Right now you should focus on getting your training done.  As a young buck newly QL3 trained Pte, there probably won't be a lot of chances to deploy, but as your career progresses and you specialize in something, the opportunity MAY arise.  As far as this list thing, I'm not sure how it works for the Reserves.  I know that Reserves are called up to deploy, but I think that they prefer to take Reg Force people if they can, simply because the point of the Reserves is to augment the Regular Force.  I would think there are a fair number of deployments available to Reservists, but I would also suspect that there are a fair number of Reservists as eager as yourself who have put in for them.

My 2 cents....


----------



## johnny_boy (8 Mar 2005)

How good your chances are to deploy are heavily trade dependent from what I have been told. Apparently once you have QL3 and SQ you could technically be deployed. 

In my trade (Int) we were informed we are basically garunteed a deployment with the new army restructure. I'm not sure how it affects other trades though.


----------



## TCBF (8 Mar 2005)

I wouldn't fall in love with the UN all that quick if I were you.  They have screwed up everything they have touched.

Tom


----------



## the 48th regulator (8 Mar 2005)

You will have great chances to go on a tour.  Work hard at your training, complete your courses, then once at the unit, put your name in.

Someone's love of the UN has nothing to do with it, I couldn't even tell ya where the UN HQ was located let alone its many mandates.  I just wanted to have fun with some good training, and good operational experience.  Of which I got both.

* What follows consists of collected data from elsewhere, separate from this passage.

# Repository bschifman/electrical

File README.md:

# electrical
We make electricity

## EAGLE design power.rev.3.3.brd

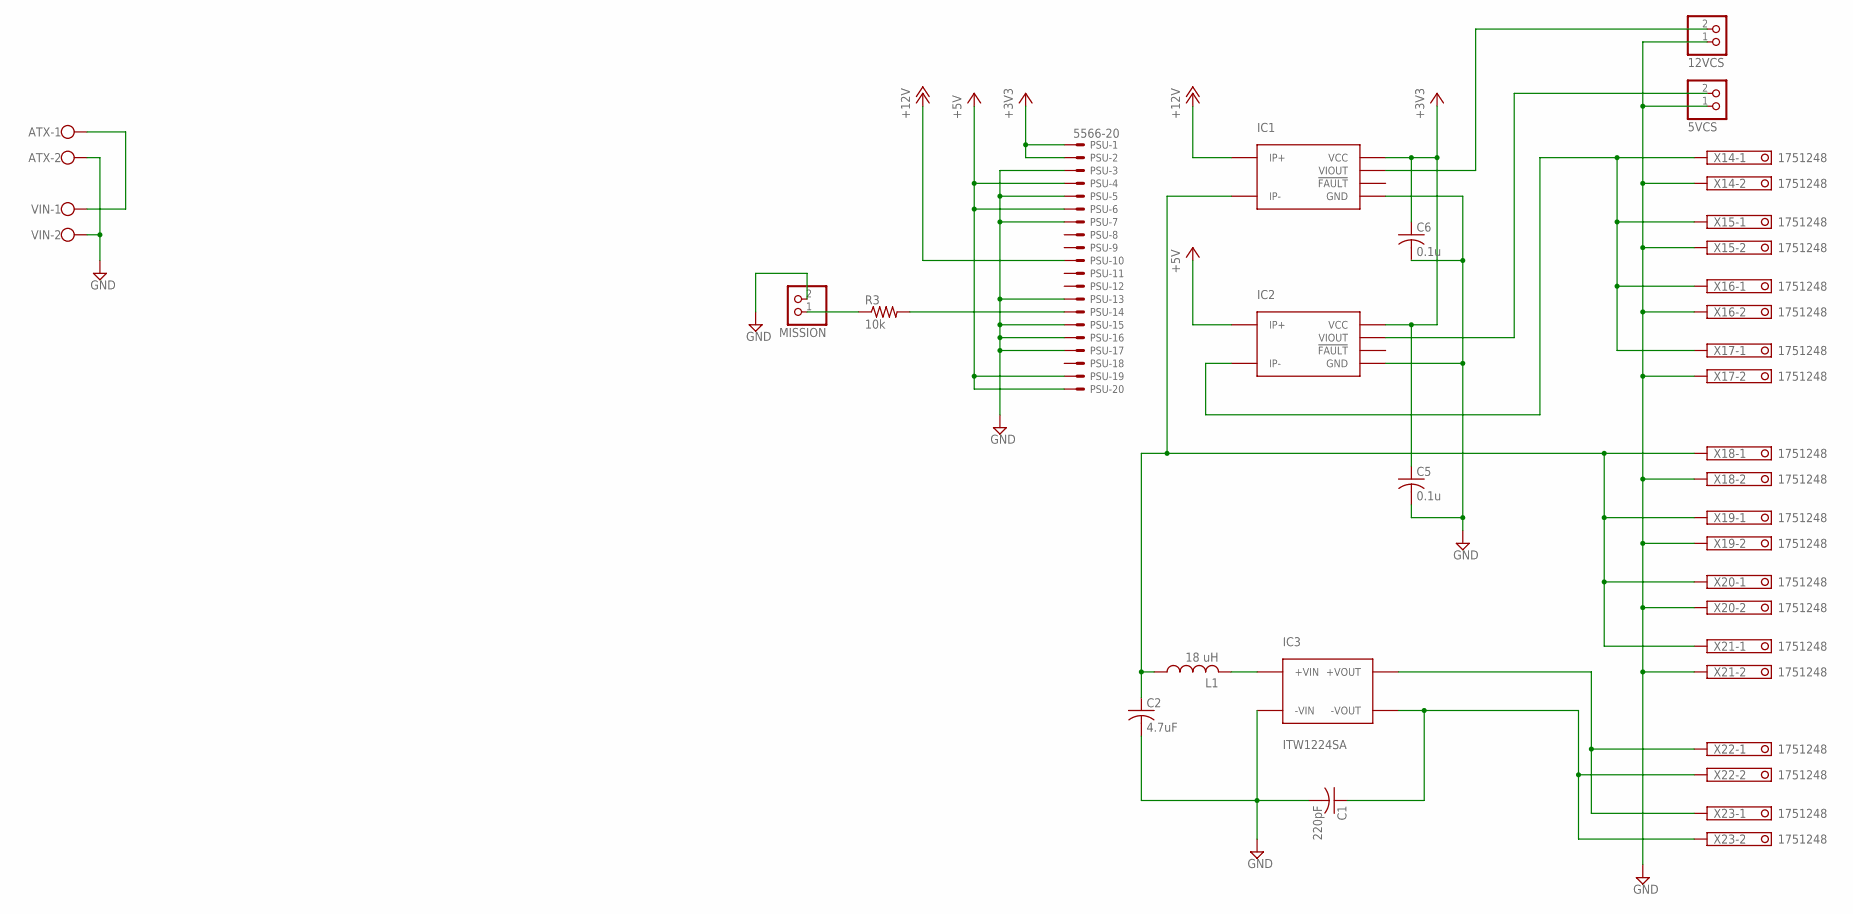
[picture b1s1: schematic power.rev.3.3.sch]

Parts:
5VCS, 12VCS: PINHD-1X2; 1X02
ATX: W237-102
C1: 220pF; C1206
C2: 4.7uF; C1206
C5, C6: 0.1u; C0805
IC1, IC2: ACS711; 12-WFQFN
IC3: ITW1224SA; 6-SIP
L1: 18 uH; L2825P
MISSION: PINHD-1X2; 1X02
PSU: 5566-20
R3: 10k; R0805
VIN: W237-102
X14, X15, X16, X17, X18, X19, X20, X21, X22, X23: 1751248

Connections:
+3V3: C5.1, C6.1, IC1.P$10 (VCC), IC2.P$10 (VCC), PSU.1, PSU.2
+5V: IC2.P$1 (IP+), PSU.4, PSU.6, PSU.19, PSU.20
+12V: IC1.P$1 (IP+), PSU.10
GND: 5VCS.1, 12VCS.1, ATX.2, C1.2, C2.2, C5.2, C6.2, IC1.P$3 (GND), IC2.P$3 (GND), IC3.P$1 (-VIN), MISSION.2, PSU.3, PSU.5, PSU.7, PSU.13, PSU.15, PSU.16, PSU.17, VIN.2, X14.2, X15.2, X16.2, X17.2, X18.2, X19.2, X20.2, X21.2
unnamed: IC3.P$3 (+VOUT), X22.1, X23.1
unnamed: C1.1, IC3.P$5 (-VOUT), X22.2, X23.2
unnamed: IC3.P$2 (+VIN), L1.2
unnamed: ATX.1, VIN.1
unnamed: PSU.14, R3.2
unnamed: MISSION.1, R3.1
unnamed: C2.1, IC1.P$2 (IP-), L1.1, X18.1, X19.1, X20.1, X21.1
unnamed: IC2.P$2 (IP-), X14.1, X15.1, X16.1, X17.1
unnamed: 12VCS.2, IC1.P$9 (VIOUT)
unnamed: 5VCS.2, IC2.P$9 (VIOUT)

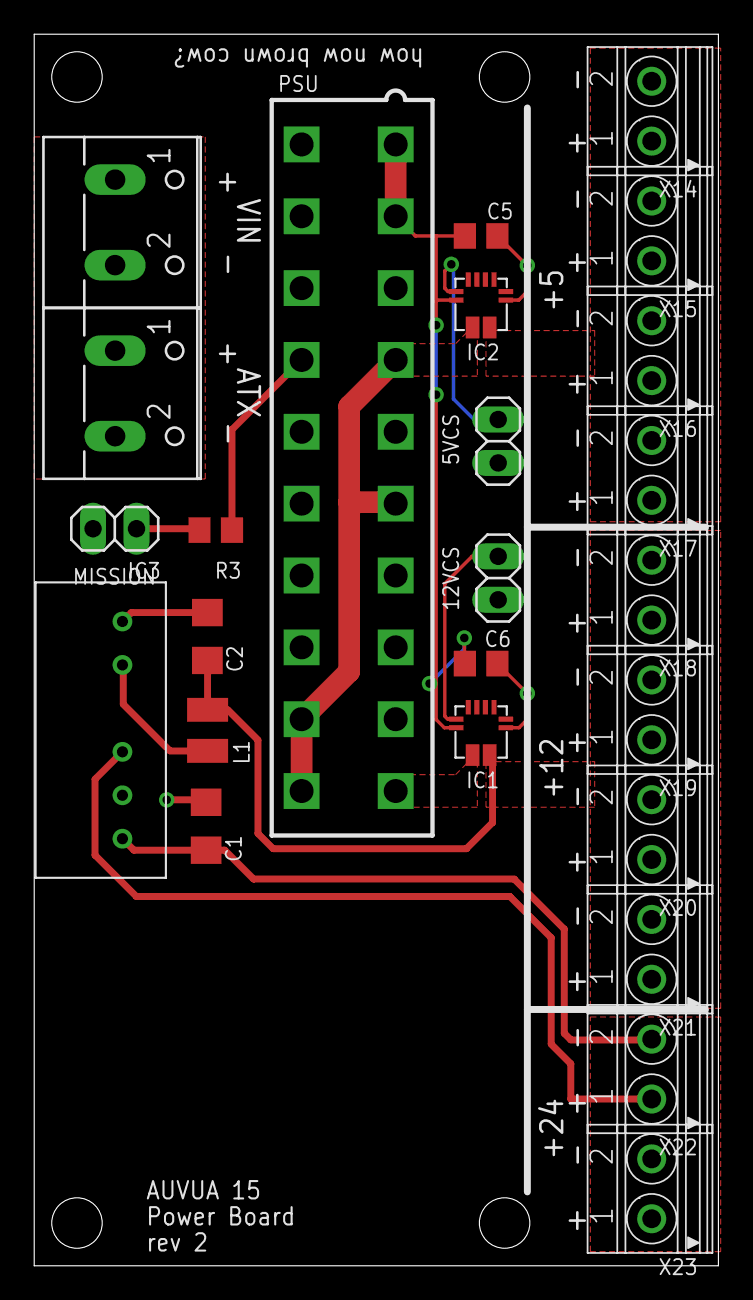
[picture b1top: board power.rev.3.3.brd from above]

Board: 2 copper layers, 40.0 x 72.0 mm, 25 parts (0 on the bottom side), 14 nets.

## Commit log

2016-02-20 Added files via upload
    Power Board Rev 3.3 & 3.4
2016-03-28 Added Altium actuators board files
2016-03-28 test

Good question and good luck

tess


----------



## paracowboy (8 Mar 2005)

Vercingetorix, (interesting choice of name, considering his military history   ) focus on the 100 meter target first, then aim for the 300. Complete your courses, learn your new trade, be the best troop you can, THEN worry about tours.

Good luck.


----------



## pbi (9 Mar 2005)

Vercingetorix: heed the advice given, especially that from paracowboy, and your time will almost certainly come. The Army is in the process of restructuring Reserve contribution to overseas missions (I prefer that to UN "peacekeeping" which is often an inaccurate term these days), with a plan to ensure that a Reserve combat team is ready to support each of the Task Forces we prepare for deployment. How this will work out remains to be seen, but the demand for qualified, fit and deployable Reserve soldiers will probably not go down. Good luck!

Cheers


----------



## vercingetorix (9 Mar 2005)

Thanks for the comments guys!  

 ( P.S. hey paracowboy I think your the only one to have understood the name and history )

-cheers

-vercingetorix


----------



## Rad (7 Mar 2006)

Hello, 

I appologize in advance if this has been asked before, in which case a link would help alot as i for some reason could not find a good answer.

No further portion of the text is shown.